My best guess is that this is a Coppersmith/Howgrave-Graham [HG] style attack.
The crucial difference between this and previous attacks is that the problem
results from poor prime selection algorithms, not limited entropy. Briefly:
patterns in the low-order bits of N appear in the high-order bits of p (since
N=p*q), Coppersmith allows factoring if you guess sufficient high-order bits
of p correctly.

So far the results I'm seeing appear to be cryptographically catastrophic but
not so much operationally catastrophic. (please don't interpret this as me
speaking ill of the paper: the paper is awesome) The range of real keys I've
seen is currently between $40k and $4T (yes, trillion).
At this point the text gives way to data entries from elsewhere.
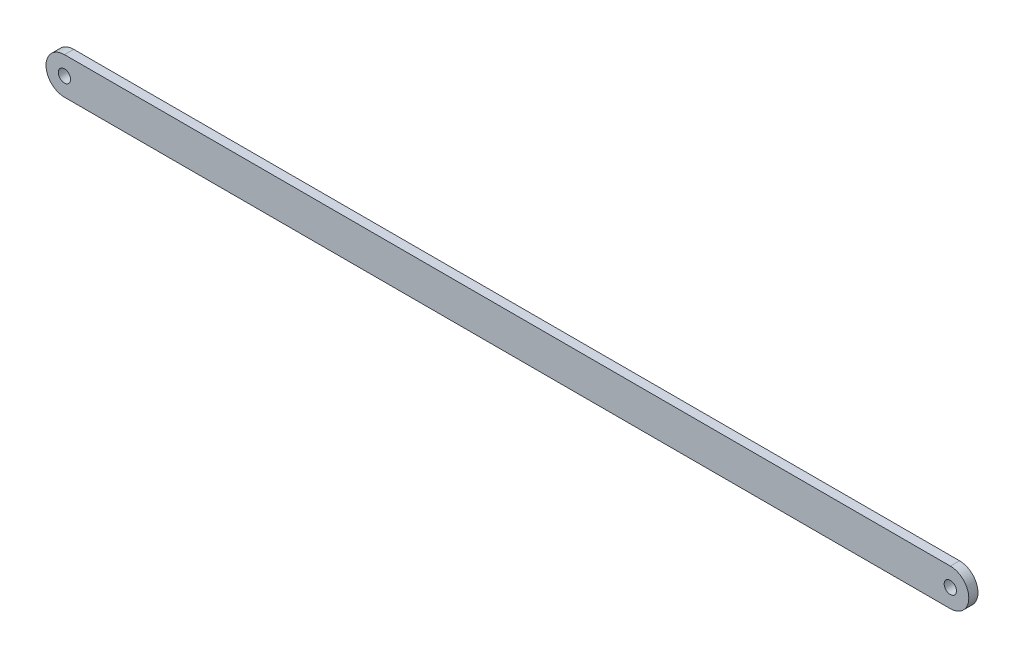
ISO-10303-21;
HEADER;
FILE_DESCRIPTION(('STEP AP214'),'2;1');
FILE_NAME('part.step','',(''),(''),'','','');
FILE_SCHEMA(('AUTOMOTIVE_DESIGN { 1 0 10303 214 1 1 1 1 }'));
ENDSEC;
DATA;
#1=APPLICATION_CONTEXT('core data for automotive mechanical design processes');
#2=APPLICATION_PROTOCOL_DEFINITION('international standard','automotive_design',2000,#1);
#3=PRODUCT_CONTEXT('',#1,'mechanical');
#4=PRODUCT('Part','Part','',(#3));
#5=PRODUCT_RELATED_PRODUCT_CATEGORY('part','',(#4));
#6=PRODUCT_DEFINITION_FORMATION('','',#4);
#7=PRODUCT_DEFINITION_CONTEXT('part definition',#1,'design');
#8=PRODUCT_DEFINITION('design','',#6,#7);
#9=PRODUCT_DEFINITION_SHAPE('','',#8);
#10=(LENGTH_UNIT() NAMED_UNIT(*) SI_UNIT(.MILLI.,.METRE.));
#11=(NAMED_UNIT(*) PLANE_ANGLE_UNIT() SI_UNIT($,.RADIAN.));
#12=(NAMED_UNIT(*) SI_UNIT($,.STERADIAN.) SOLID_ANGLE_UNIT());
#13=UNCERTAINTY_MEASURE_WITH_UNIT(LENGTH_MEASURE(1.E-05),#10,'distance_accuracy_value','');
#14=(GEOMETRIC_REPRESENTATION_CONTEXT(3) GLOBAL_UNCERTAINTY_ASSIGNED_CONTEXT((#13)) GLOBAL_UNIT_ASSIGNED_CONTEXT((#10,
#11,#12)) REPRESENTATION_CONTEXT('',''));
#15=CARTESIAN_POINT('',(0.,0.,0.));
#16=DIRECTION('',(0.,0.,1.));
#17=DIRECTION('',(1.,0.,0.));
#18=AXIS2_PLACEMENT_3D('',#15,#16,#17);
#19=CARTESIAN_POINT('',(-35.3127241673783,0.,3.));
#20=DIRECTION('',(0.,0.,1.));
#21=DIRECTION('',(1.,0.,0.));
#22=AXIS2_PLACEMENT_3D('',#19,#20,#21);
#23=PLANE('',#22);
#24=CARTESIAN_POINT('',(-35.3127241673783,0.,3.));
#25=DIRECTION('',(0.,0.,1.));
#26=DIRECTION('',(1.,0.,0.));
#27=AXIS2_PLACEMENT_3D('',#24,#25,#26);
#28=CIRCLE('',#27,2.);
#29=CARTESIAN_POINT('',(-33.3127241673783,0.,3.));
#30=VERTEX_POINT('',#29);
#31=EDGE_CURVE('E100',#30,#30,#28,.T.);
#32=ORIENTED_EDGE('',*,*,#31,.F.);
#33=EDGE_LOOP('',(#32));
#34=FACE_BOUND('',#33,.T.);
#35=CARTESIAN_POINT('',(-35.3127241673783,0.,3.));
#36=DIRECTION('',(0.,0.,1.));
#37=DIRECTION('',(1.,0.,0.));
#38=AXIS2_PLACEMENT_3D('',#35,#36,#37);
#39=CIRCLE('',#38,6.);
#40=CARTESIAN_POINT('',(-35.3127241673783,6.,3.));
#41=VERTEX_POINT('',#40);
#42=CARTESIAN_POINT('',(-35.3127241673783,-6.,3.));
#43=VERTEX_POINT('',#42);
#44=EDGE_CURVE('E85',#41,#43,#39,.T.);
#45=ORIENTED_EDGE('',*,*,#44,.T.);
#46=DIRECTION('',(1.,0.,0.));
#47=VECTOR('',#46,1.);
#48=CARTESIAN_POINT('',(-35.3127241673783,-6.,3.));
#49=LINE('',#48,#47);
#50=CARTESIAN_POINT('',(252.687275832622,-6.,3.));
#51=VERTEX_POINT('',#50);
#52=EDGE_CURVE('E80',#43,#51,#49,.T.);
#53=ORIENTED_EDGE('',*,*,#52,.T.);
#54=CARTESIAN_POINT('',(252.687275832622,0.,3.));
#55=DIRECTION('',(0.,0.,1.));
#56=DIRECTION('',(1.,0.,0.));
#57=AXIS2_PLACEMENT_3D('',#54,#55,#56);
#58=CIRCLE('',#57,6.);
#59=CARTESIAN_POINT('',(252.687275832622,6.,3.));
#60=VERTEX_POINT('',#59);
#61=EDGE_CURVE('E83',#51,#60,#58,.T.);
#62=ORIENTED_EDGE('',*,*,#61,.T.);
#63=DIRECTION('',(-1.,0.,0.));
#64=VECTOR('',#63,1.);
#65=CARTESIAN_POINT('',(-35.3127241673783,6.,3.));
#66=LINE('',#65,#64);
#67=EDGE_CURVE('E50',#60,#41,#66,.T.);
#68=ORIENTED_EDGE('',*,*,#67,.T.);
#69=EDGE_LOOP('',(#45,#53,#62,#68));
#70=FACE_BOUND('',#69,.T.);
#71=CARTESIAN_POINT('',(252.687275832622,0.,3.));
#72=DIRECTION('',(0.,0.,1.));
#73=DIRECTION('',(1.,0.,0.));
#74=AXIS2_PLACEMENT_3D('',#71,#72,#73);
#75=CIRCLE('',#74,2.);
#76=CARTESIAN_POINT('',(254.687275832622,0.,3.));
#77=VERTEX_POINT('',#76);
#78=EDGE_CURVE('E115',#77,#77,#75,.T.);
#79=ORIENTED_EDGE('',*,*,#78,.F.);
#80=EDGE_LOOP('',(#79));
#81=FACE_BOUND('',#80,.T.);
#82=ADVANCED_FACE('F33',(#34,#70,#81),#23,.T.);
#83=CARTESIAN_POINT('',(-35.3127241673783,0.,0.));
#84=DIRECTION('',(0.,0.,1.));
#85=DIRECTION('',(1.,0.,0.));
#86=AXIS2_PLACEMENT_3D('',#83,#84,#85);
#87=PLANE('',#86);
#88=CARTESIAN_POINT('',(-35.3127241673783,0.,0.));
#89=DIRECTION('',(0.,0.,1.));
#90=DIRECTION('',(1.,0.,0.));
#91=AXIS2_PLACEMENT_3D('',#88,#89,#90);
#92=CIRCLE('',#91,2.);
#93=CARTESIAN_POINT('',(-33.3127241673783,0.,0.));
#94=VERTEX_POINT('',#93);
#95=EDGE_CURVE('E112',#94,#94,#92,.T.);
#96=ORIENTED_EDGE('',*,*,#95,.T.);
#97=EDGE_LOOP('',(#96));
#98=FACE_BOUND('',#97,.T.);
#99=CARTESIAN_POINT('',(-35.3127241673783,0.,0.));
#100=DIRECTION('',(0.,0.,1.));
#101=DIRECTION('',(1.,0.,0.));
#102=AXIS2_PLACEMENT_3D('',#99,#100,#101);
#103=CIRCLE('',#102,6.);
#104=CARTESIAN_POINT('',(-35.3127241673783,6.,0.));
#105=VERTEX_POINT('',#104);
#106=CARTESIAN_POINT('',(-35.3127241673783,-6.,0.));
#107=VERTEX_POINT('',#106);
#108=EDGE_CURVE('E97',#105,#107,#103,.T.);
#109=ORIENTED_EDGE('',*,*,#108,.F.);
#110=DIRECTION('',(-1.,0.,0.));
#111=VECTOR('',#110,1.);
#112=CARTESIAN_POINT('',(-35.3127241673783,6.,0.));
#113=LINE('',#112,#111);
#114=CARTESIAN_POINT('',(252.687275832622,6.,0.));
#115=VERTEX_POINT('',#114);
#116=EDGE_CURVE('E73',#115,#105,#113,.T.);
#117=ORIENTED_EDGE('',*,*,#116,.F.);
#118=CARTESIAN_POINT('',(252.687275832622,0.,0.));
#119=DIRECTION('',(0.,0.,1.));
#120=DIRECTION('',(1.,0.,0.));
#121=AXIS2_PLACEMENT_3D('',#118,#119,#120);
#122=CIRCLE('',#121,6.);
#123=CARTESIAN_POINT('',(252.687275832622,-6.,0.));
#124=VERTEX_POINT('',#123);
#125=EDGE_CURVE('E67',#124,#115,#122,.T.);
#126=ORIENTED_EDGE('',*,*,#125,.F.);
#127=DIRECTION('',(1.,0.,0.));
#128=VECTOR('',#127,1.);
#129=CARTESIAN_POINT('',(-35.3127241673783,-6.,0.));
#130=LINE('',#129,#128);
#131=EDGE_CURVE('E89',#107,#124,#130,.T.);
#132=ORIENTED_EDGE('',*,*,#131,.F.);
#133=EDGE_LOOP('',(#109,#117,#126,#132));
#134=FACE_BOUND('',#133,.T.);
#135=CARTESIAN_POINT('',(252.687275832622,0.,0.));
#136=DIRECTION('',(0.,0.,1.));
#137=DIRECTION('',(1.,0.,0.));
#138=AXIS2_PLACEMENT_3D('',#135,#136,#137);
#139=CIRCLE('',#138,2.);
#140=CARTESIAN_POINT('',(254.687275832622,0.,0.));
#141=VERTEX_POINT('',#140);
#142=EDGE_CURVE('E118',#141,#141,#139,.T.);
#143=ORIENTED_EDGE('',*,*,#142,.T.);
#144=EDGE_LOOP('',(#143));
#145=FACE_BOUND('',#144,.T.);
#146=ADVANCED_FACE('F108',(#98,#134,#145),#87,.F.);
#147=CARTESIAN_POINT('',(-35.3127241673783,0.,3.));
#148=DIRECTION('',(0.,0.,-1.));
#149=DIRECTION('',(-1.,0.,0.));
#150=AXIS2_PLACEMENT_3D('',#147,#148,#149);
#151=CYLINDRICAL_SURFACE('',#150,6.);
#152=ORIENTED_EDGE('',*,*,#108,.T.);
#153=DIRECTION('',(0.,0.,-1.));
#154=VECTOR('',#153,1.);
#155=CARTESIAN_POINT('',(-35.3127241673783,-6.,3.));
#156=LINE('',#155,#154);
#157=EDGE_CURVE('E11',#43,#107,#156,.T.);
#158=ORIENTED_EDGE('',*,*,#157,.F.);
#159=ORIENTED_EDGE('',*,*,#44,.F.);
#160=DIRECTION('',(0.,0.,-1.));
#161=VECTOR('',#160,1.);
#162=CARTESIAN_POINT('',(-35.3127241673783,6.,3.));
#163=LINE('',#162,#161);
#164=EDGE_CURVE('E93',#41,#105,#163,.T.);
#165=ORIENTED_EDGE('',*,*,#164,.T.);
#166=EDGE_LOOP('',(#152,#158,#159,#165));
#167=FACE_BOUND('',#166,.T.);
#168=ADVANCED_FACE('F35',(#167),#151,.T.);
#169=CARTESIAN_POINT('',(-35.3127241673783,-6.,3.));
#170=DIRECTION('',(0.,1.,0.));
#171=DIRECTION('',(0.,0.,1.));
#172=AXIS2_PLACEMENT_3D('',#169,#170,#171);
#173=PLANE('',#172);
#174=ORIENTED_EDGE('',*,*,#131,.T.);
#175=DIRECTION('',(0.,0.,-1.));
#176=VECTOR('',#175,1.);
#177=CARTESIAN_POINT('',(252.687275832622,-6.,3.));
#178=LINE('',#177,#176);
#179=EDGE_CURVE('E42',#51,#124,#178,.T.);
#180=ORIENTED_EDGE('',*,*,#179,.F.);
#181=ORIENTED_EDGE('',*,*,#52,.F.);
#182=ORIENTED_EDGE('',*,*,#157,.T.);
#183=EDGE_LOOP('',(#174,#180,#181,#182));
#184=FACE_BOUND('',#183,.T.);
#185=ADVANCED_FACE('F88',(#184),#173,.F.);
#186=CARTESIAN_POINT('',(252.687275832622,0.,3.));
#187=DIRECTION('',(0.,0.,-1.));
#188=DIRECTION('',(-1.,0.,0.));
#189=AXIS2_PLACEMENT_3D('',#186,#187,#188);
#190=CYLINDRICAL_SURFACE('',#189,6.);
#191=ORIENTED_EDGE('',*,*,#125,.T.);
#192=DIRECTION('',(0.,0.,-1.));
#193=VECTOR('',#192,1.);
#194=CARTESIAN_POINT('',(252.687275832622,6.,3.));
#195=LINE('',#194,#193);
#196=EDGE_CURVE('E90',#60,#115,#195,.T.);
#197=ORIENTED_EDGE('',*,*,#196,.F.);
#198=ORIENTED_EDGE('',*,*,#61,.F.);
#199=ORIENTED_EDGE('',*,*,#179,.T.);
#200=EDGE_LOOP('',(#191,#197,#198,#199));
#201=FACE_BOUND('',#200,.T.);
#202=ADVANCED_FACE('F91',(#201),#190,.T.);
#203=CARTESIAN_POINT('',(-35.3127241673783,6.,3.));
#204=DIRECTION('',(0.,-1.,0.));
#205=DIRECTION('',(0.,0.,-1.));
#206=AXIS2_PLACEMENT_3D('',#203,#204,#205);
#207=PLANE('',#206);
#208=ORIENTED_EDGE('',*,*,#116,.T.);
#209=ORIENTED_EDGE('',*,*,#164,.F.);
#210=ORIENTED_EDGE('',*,*,#67,.F.);
#211=ORIENTED_EDGE('',*,*,#196,.T.);
#212=EDGE_LOOP('',(#208,#209,#210,#211));
#213=FACE_BOUND('',#212,.T.);
#214=ADVANCED_FACE('F105',(#213),#207,.F.);
#215=CARTESIAN_POINT('',(-35.3127241673783,0.,3.));
#216=DIRECTION('',(0.,0.,-1.));
#217=DIRECTION('',(-1.,0.,0.));
#218=AXIS2_PLACEMENT_3D('',#215,#216,#217);
#219=CYLINDRICAL_SURFACE('',#218,2.);
#220=ORIENTED_EDGE('',*,*,#31,.T.);
#221=EDGE_LOOP('',(#220));
#222=FACE_BOUND('',#221,.T.);
#223=ORIENTED_EDGE('',*,*,#95,.F.);
#224=EDGE_LOOP('',(#223));
#225=FACE_BOUND('',#224,.T.);
#226=ADVANCED_FACE('F136',(#222,#225),#219,.F.);
#227=CARTESIAN_POINT('',(252.687275832622,0.,3.));
#228=DIRECTION('',(0.,0.,-1.));
#229=DIRECTION('',(-1.,0.,0.));
#230=AXIS2_PLACEMENT_3D('',#227,#228,#229);
#231=CYLINDRICAL_SURFACE('',#230,2.);
#232=ORIENTED_EDGE('',*,*,#78,.T.);
#233=EDGE_LOOP('',(#232));
#234=FACE_BOUND('',#233,.T.);
#235=ORIENTED_EDGE('',*,*,#142,.F.);
#236=EDGE_LOOP('',(#235));
#237=FACE_BOUND('',#236,.T.);
#238=ADVANCED_FACE('F124',(#234,#237),#231,.F.);
#239=CLOSED_SHELL('',(#82,#146,#168,#185,#202,#214,#226,#238));
#240=MANIFOLD_SOLID_BREP('B2',#239);
#241=ADVANCED_BREP_SHAPE_REPRESENTATION('',(#18,#240),#14);
#242=SHAPE_DEFINITION_REPRESENTATION(#9,#241);
ENDSEC;
END-ISO-10303-21;

That's pretty bad if
you're running a company CA off of a $40k key, but probably not so bad you
can't afford to wait for a replacement in most cases. If the fingerprints are
to be believed, some keys can be factored in a matter of hours -- but I have
no idea yet what the distribution of those keys is (i.e. is it 1 in 10 or 1 in
10k?).

As usual, the issue here is different with signing keys and encryption keys.
If you're not using forward-secure ciphersuites and merely signing with a
smartcard key (as you typically would be with smartcard-powered SSH or TLS)
and instead are really encrypting with the key itself (GPG), you've lost
confidentiality on all messages once that key is compromised. A compromised
signing key merely allows for forged signatures, and by then you've hopefully
revoked trust in that key.

Right now I have to go deal with immigration administrivia, but I'll get back
to this.

[BCCC13]:
[https://smartfacts.cr.yp.to/smartfacts-20130916.pdf](https://smartfacts.cr.yp.to/smartfacts-20130916.pdf)

[SNSK16]:
[https://www.usenix.org/system/files/conference/usenixsecurit...](https://www.usenix.org/system/files/conference/usenixsecurity16/sec16_paper_svenda.pdf)

[HG]:
[http://citeseerx.ist.psu.edu/viewdoc/download?doi=10.1.1.144...](http://citeseerx.ist.psu.edu/viewdoc/download?doi=10.1.1.144.4244&rep=rep1&type=pdf)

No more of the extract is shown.